Racial and Ethnic Representation in Clinical Trials of Janus Kinase Inhibitors for Dermatologic Conditions: A Systematic Review
April 2026 | Volume 25 | Issue 4 | 316 | Copyright © April 2026
Published online March 31, 2026
Christine Olagun-Samuel BAa*, Maame-Afua Ansah BAb*, Purvi Shakelly BSb, Nabiha Sherali BAb, Aminat Ologunebi BSc, Kristen Lo Sicco MDa, Prince Adotama MDa
aRonald O. Perelman Department of Dermatology, New York University Grossman School of Medicine, New York, NY
bRutgers New Jersey Medical School, Newark, NJ
cAmerican University of the Caribbean School of Medicine, Cupecoy, Saint Maarten
Abstract
Background: Janus kinase (JAK) inhibitors represent promising therapies for dermatologic conditions, including psoriasis, hidradenitis suppurativa (HS), atopic dermatitis (AD), systemic lupus erythematosus (SLE), and vitiligo. There are little data available evaluating the composition of research cohorts for this emerging treatment modality. Adequate racial representation in clinical trials is essential.
Objective: To characterize the study populations of clinical trials for Janus kinase inhibitors for dermatologic indications.

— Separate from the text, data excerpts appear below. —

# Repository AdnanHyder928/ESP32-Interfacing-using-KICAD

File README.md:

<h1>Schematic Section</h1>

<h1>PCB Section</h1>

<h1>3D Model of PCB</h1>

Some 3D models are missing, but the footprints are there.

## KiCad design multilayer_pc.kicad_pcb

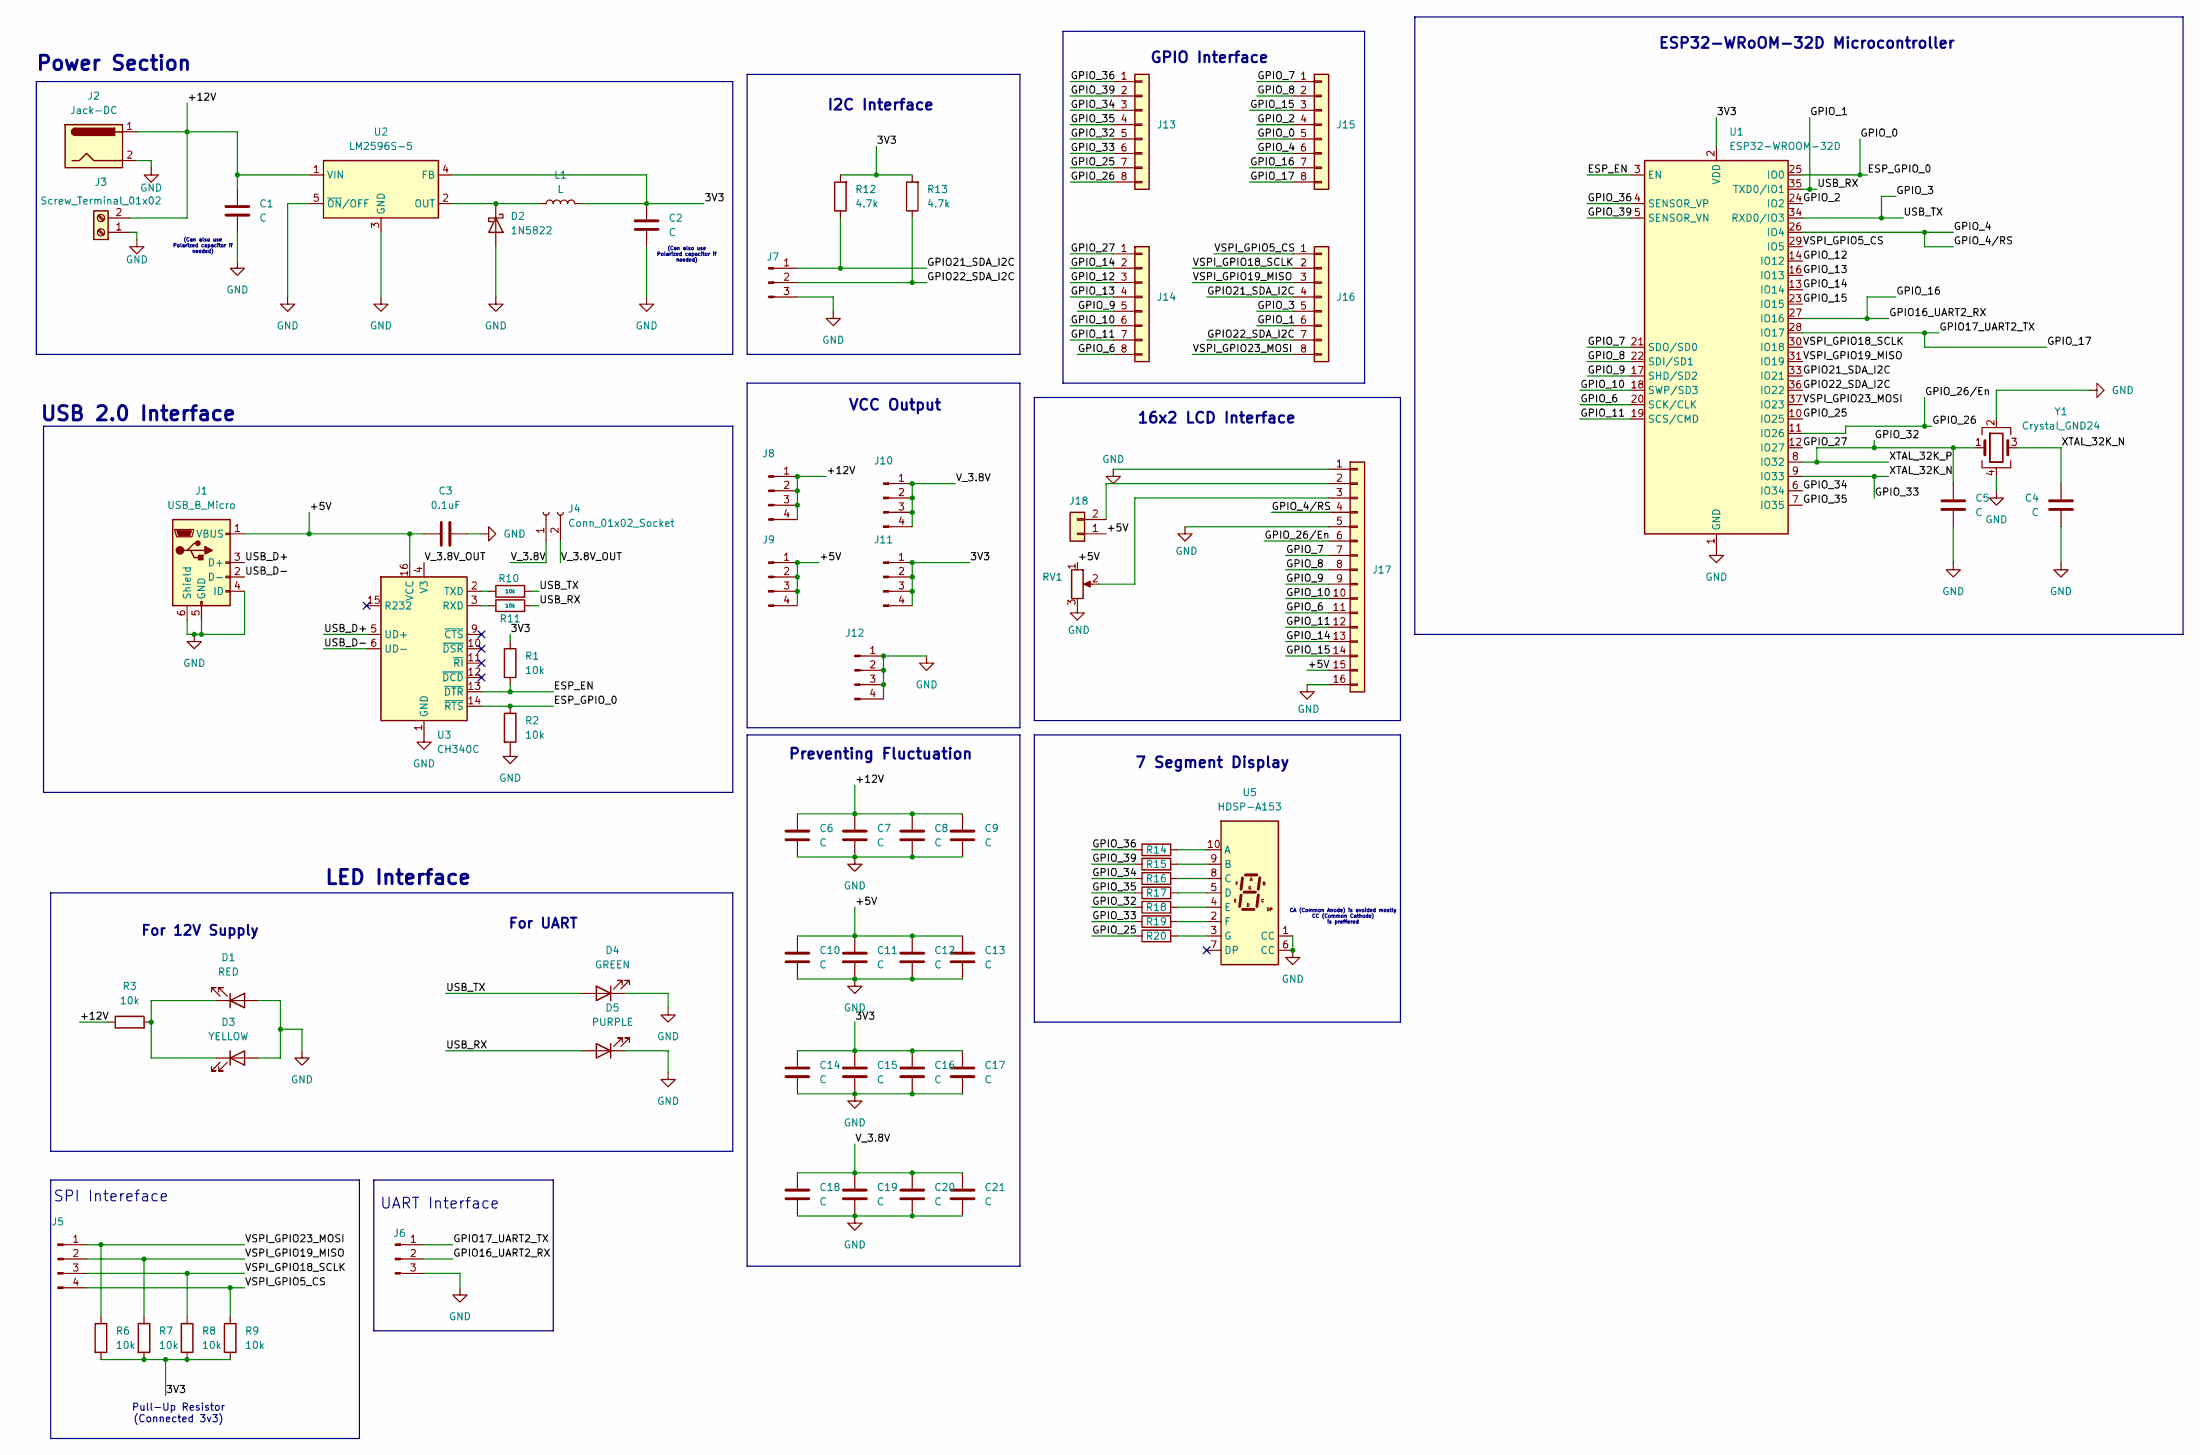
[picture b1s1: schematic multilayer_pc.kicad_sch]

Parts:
C1, C2, C4, C5, C6, C7, C8, C9, C10, C11, C12, C13, C14, C15, C16, C17, C18, C19, C20, C21: C; C_0805_2012Metric
C3: 0.1uF; C_0805_2012Metric
D1: RED; LED_0805_2012Metric
D2: 1N5822; D_DO-201AD_P15.24mm_Horizontal
D3: YELLOW; LED_0805_2012Metric
D4: GREEN; LED_0805_2012Metric
D5: PURPLE; LED_0805_2012Metric
J1: USB_B_Micro; USB_Micro-AB_Molex_47590-0001
J2: Jack-DC; BarrelJack_SwitchcraftConxall_RAPC10U_Horizontal
J3: Screw_Terminal_01x02; TerminalBlock_bornier-2_P5.08mm
J4: Conn_01x02_Socket; Molex_SL_171971-0002_1x02_P2.54mm_Vertical
J5, J8, J9, J10, J11, J12: Conn_01x04_Pin; FanPinHeader_1x04_P2.54mm_Vertical
J6, J7: Conn_01x03_Pin; FanPinHeader_1x03_P2.54mm_Vertical
J13, J14, J15, J16: Conn_01x08; Molex_KK-254_AE-6410-08A_1x08_P2.54mm_Vertical
J17: Conn_01x16; PinHeader_1x16_P2.54mm_Vertical
J18: Conn_01x02; PinHeader_1x02_P2.54mm_Vertical
L1: L; L_0805_2012Metric_Pad1.05x1.20mm_HandSolder
R1, R2, R3, R6, R7, R8, R9, R10, R11: 10k; R_0805_2012Metric
R12, R13: 4.7k; R_0805_2012Metric
R14, R15, R16, R17, R18, R19, R20: R_0805_2012Metric
RV1: R_Potentiometer; Potentiometer_Vishay_148-149_Single_Horizontal
U1: ESP32-WROOM-32D
U2: LM2596S-5; TO-263-5_TabPin3
U3: CH340C; SOIC-16_3.9x9.9mm_P1.27mm
U5: HDSP-A153; HDSP-A151
Y1: Crystal_GND24; Crystal_SMD_0603-2Pin_6.0x3.5mm

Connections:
/3V3: C2.1, C14.1, C15.1, C16.1, C17.1, J11.1, J11.2, J11.3, J11.4, L1.2, R1.1, R6.2, R7.2, R8.2, R9.2, R12.2, R13.2, U1.2 (VDD), U2.4 (FB)
/+5V: C3.1, C10.1, C11.1, C12.1, C13.1, J1.1 (VBUS), J9.1, J9.2, J9.3, J9.4, J17.15, J18.1, RV1.1, U3.16 (VCC)
/+12V: C1.1, C6.1, C7.1, C8.1, C9.1, J2.1, J3.2, J8.1, J8.2, J8.3, J8.4, R3.1, U2.1 (VIN)
/ESP_EN: R1.2, U1.3 (EN), U3.13 (~DTR)
/ESP_GPIO_0: J15.5, R2.1, U1.25 (IO0), U3.14 (~RTS)
/GPIO16_UART2_RX: J6.2, J15.7, U1.27 (IO16)
/GPIO17_UART2_TX: J6.1, J15.8, U1.28 (IO17)
/GPIO21_SDA_I2C: J7.1, J16.4, R12.1, U1.33 (IO21)
/GPIO22_SDA_I2C: J7.2, J16.7, R13.1, U1.36 (IO22)
/GPIO_1: D5.2 (A), J16.6, R11.2, U1.35 (TXD0/IO1); also elsewhere on the board
/GPIO_2: J15.4, U1.24 (IO2)
/GPIO_3: D4.2 (A), J16.5, R10.2, U1.34 (RXD0/IO3); also elsewhere on the board
/GPIO_4: J15.6, J17.4, U1.26 (IO4)
/GPIO_6: J14.8, J17.11, U1.20 (SCK/CLK)
/GPIO_7: J15.1, J17.7, U1.21 (SDO/SD0)
/GPIO_8: J15.2, J17.8, U1.22 (SDI/SD1)
/GPIO_9: J14.5, J17.9, U1.17 (SHD/SD2)
/GPIO_10: J14.6, J17.10, U1.18 (SWP/SD3)
/GPIO_11: J14.7, J17.12, U1.19 (SCS/CMD)
/GPIO_12: J14.3, U1.14 (IO12)
/GPIO_13: J14.4, U1.16 (IO13)
/GPIO_14: J14.2, J17.13, U1.13 (IO14)
/GPIO_15: J15.3, J17.14, U1.23 (IO15)
/GPIO_25: J13.7, R20.1, U1.10 (IO25)
/GPIO_26: J13.8, J17.6, U1.11 (IO26)
/GPIO_27: J14.1, U1.12 (IO27)
/GPIO_32: C5.1, J13.5, R18.1, U1.8 (IO32), Y1.1
/GPIO_33: C4.1, J13.6, R19.1, U1.9 (IO33), Y1.3
/GPIO_34: J13.3, R16.1, U1.6 (IO34)
/GPIO_35: J13.4, R17.1, U1.7 (IO35)
/GPIO_36: J13.1, R14.1, U1.4 (SENSOR_VP)
/GPIO_39: J13.2, R15.1, U1.5 (SENSOR_VN)
/USB_D+: J1.3 (D+), U3.5 (UD+)
/USB_D-: J1.2 (D-), U3.6 (UD-)
/VSPI_GPIO5_CS: J5.4, J16.1, R9.1, U1.29 (IO5)
/VSPI_GPIO18_SCLK: J5.3, J16.2, R8.1, U1.30 (IO18)
/VSPI_GPIO19_MISO: J5.2, J16.3, R7.1, U1.31 (IO19)
/VSPI_GPIO23_MOSI: J5.1, J16.8, R6.1, U1.37 (IO23)
/V_3.8V: C18.1, C19.1, C20.1, C21.1, J4.1, J10.1, J10.2, J10.3, J10.4
/V_3.8V_OUT: J4.2, U3.4 (V3)
GND: C1.2, C2.2, C3.2, C4.2, C5.2, C6.2, C7.2, C8.2, C9.2, C10.2, C11.2, C12.2, C13.2, C14.2, C15.2, C16.2, C17.2, C18.2, C19.2, C20.2, C21.2, D1.2 (A), D2.2 (A), D3.2 (A), D4.1 (K), D5.1 (K), J1.4 (ID), J1.5 (GND), J1.6 (Shield), J2.2, J3.1, J6.3, J7.3, J12.1, J12.2, J12.3, J12.4, J17.1, J17.5, J17.16, R2.2, RV1.3, U1.1 (GND), U1.15 (GND), U1.38 (GND), U1.39 (GND), U2.3 (GND), U2.5 (~ON/OFF), U3.1 (GND), U5.1 (CC), U5.6 (CC), Y1.2, Y1.4
unnamed: D1.1 (K), D3.1 (K), R3.2
unnamed: D2.1 (K), L1.1, U2.2 (OUT)
unnamed: J17.2, J18.2
unnamed: J17.3, RV1.2
unnamed: R11.1, U3.3 (RXD)
unnamed: R10.1, U3.2 (TXD)
unnamed: R14.2, U5.10 (A)
unnamed: R15.2, U5.9 (B)
unnamed: R16.2, U5.8 (C)
unnamed: R17.2, U5.5 (D)
unnamed: R18.2, U5.4 (E)
unnamed: R19.2, U5.2 (F)
unnamed: R20.2, U5.3 (G)

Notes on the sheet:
CA (Common Anode) is avoided mostly CC (Common Cathode) is preffered
GPIO Interface
VCC Output
For 12V Supply
For UART
(Can also use Polarized capacitor if needed)
I2C Interface
16x2 LCD Interface
SPI Intereface
7 Segment Display
Preventing Fluctuation
Pull-Up Resistor (Connected 3v3)
Power Section
USB 2.0 Interface
LED Interface
UART Interface
ESP32-WRoOM-32D Microcontroller

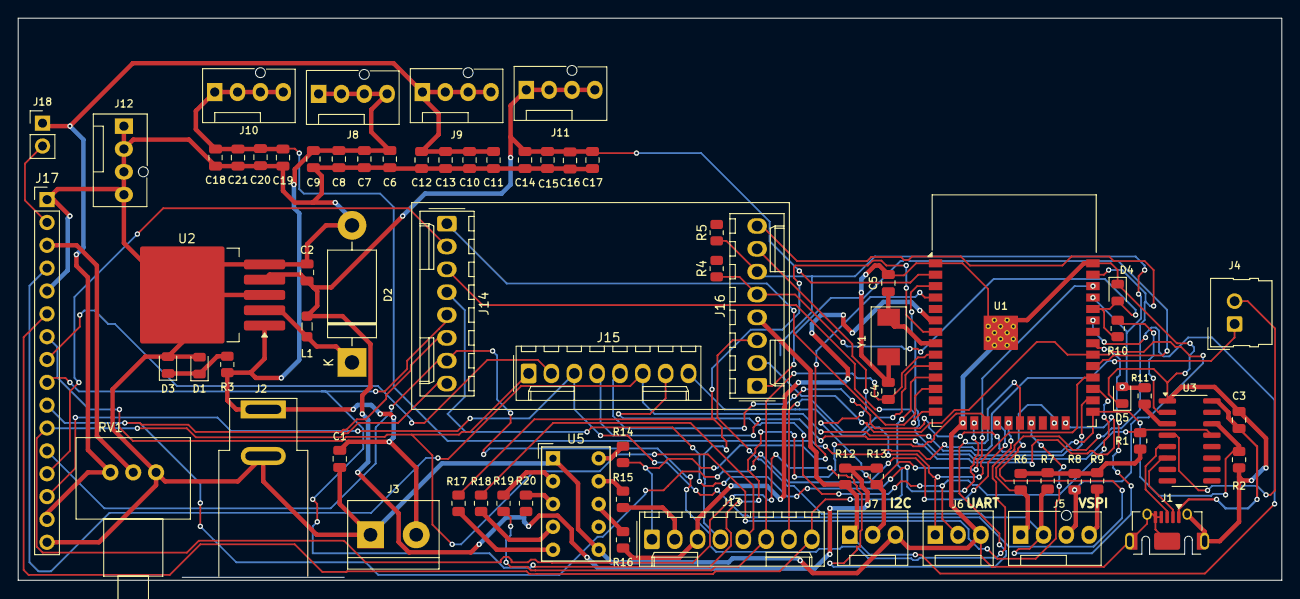
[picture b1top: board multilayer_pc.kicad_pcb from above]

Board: 2 copper layers, 140.4 x 62.4 mm, 71 parts (0 on the bottom side), 54 nets.

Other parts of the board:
R4, R5: 10k; R_0805_2012Metric

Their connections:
/GPIO_1: R5.1; also elsewhere on the board
/GPIO_3: R4.1; also elsewhere on the board

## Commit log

2025-04-14 Initial Commit with schematic only (Part 1)
2025-08-03 Updated The PCB of the Project
2025-12-29 Add schematic, PCB, and 3D model sections to README
    Added schematic, PCB, and 3D model sections with images.

Methods: Clinical trials were identified from January 2000 to March 2025 through PubMed using the following keywords: "Janus kinase inhibitor," "JAK inhibitor," "alopecia areata," "atopic dermatitis," "hidradenitis suppurativa," "systemic lupus erythematosus," "systemic sclerosis," "psoriasis," and "vitiligo." Additional trials were retrieved from ClinicalTrials.gov using the search term "JAK inhibitor." Each trial was reviewed for demographic data, including race and ethnicity. Additional variables collected included Fitzpatrick skin type and quality-of-life measures. The distribution of race among trial participants was compared to the current US population and the condition-specific prevalence data where available.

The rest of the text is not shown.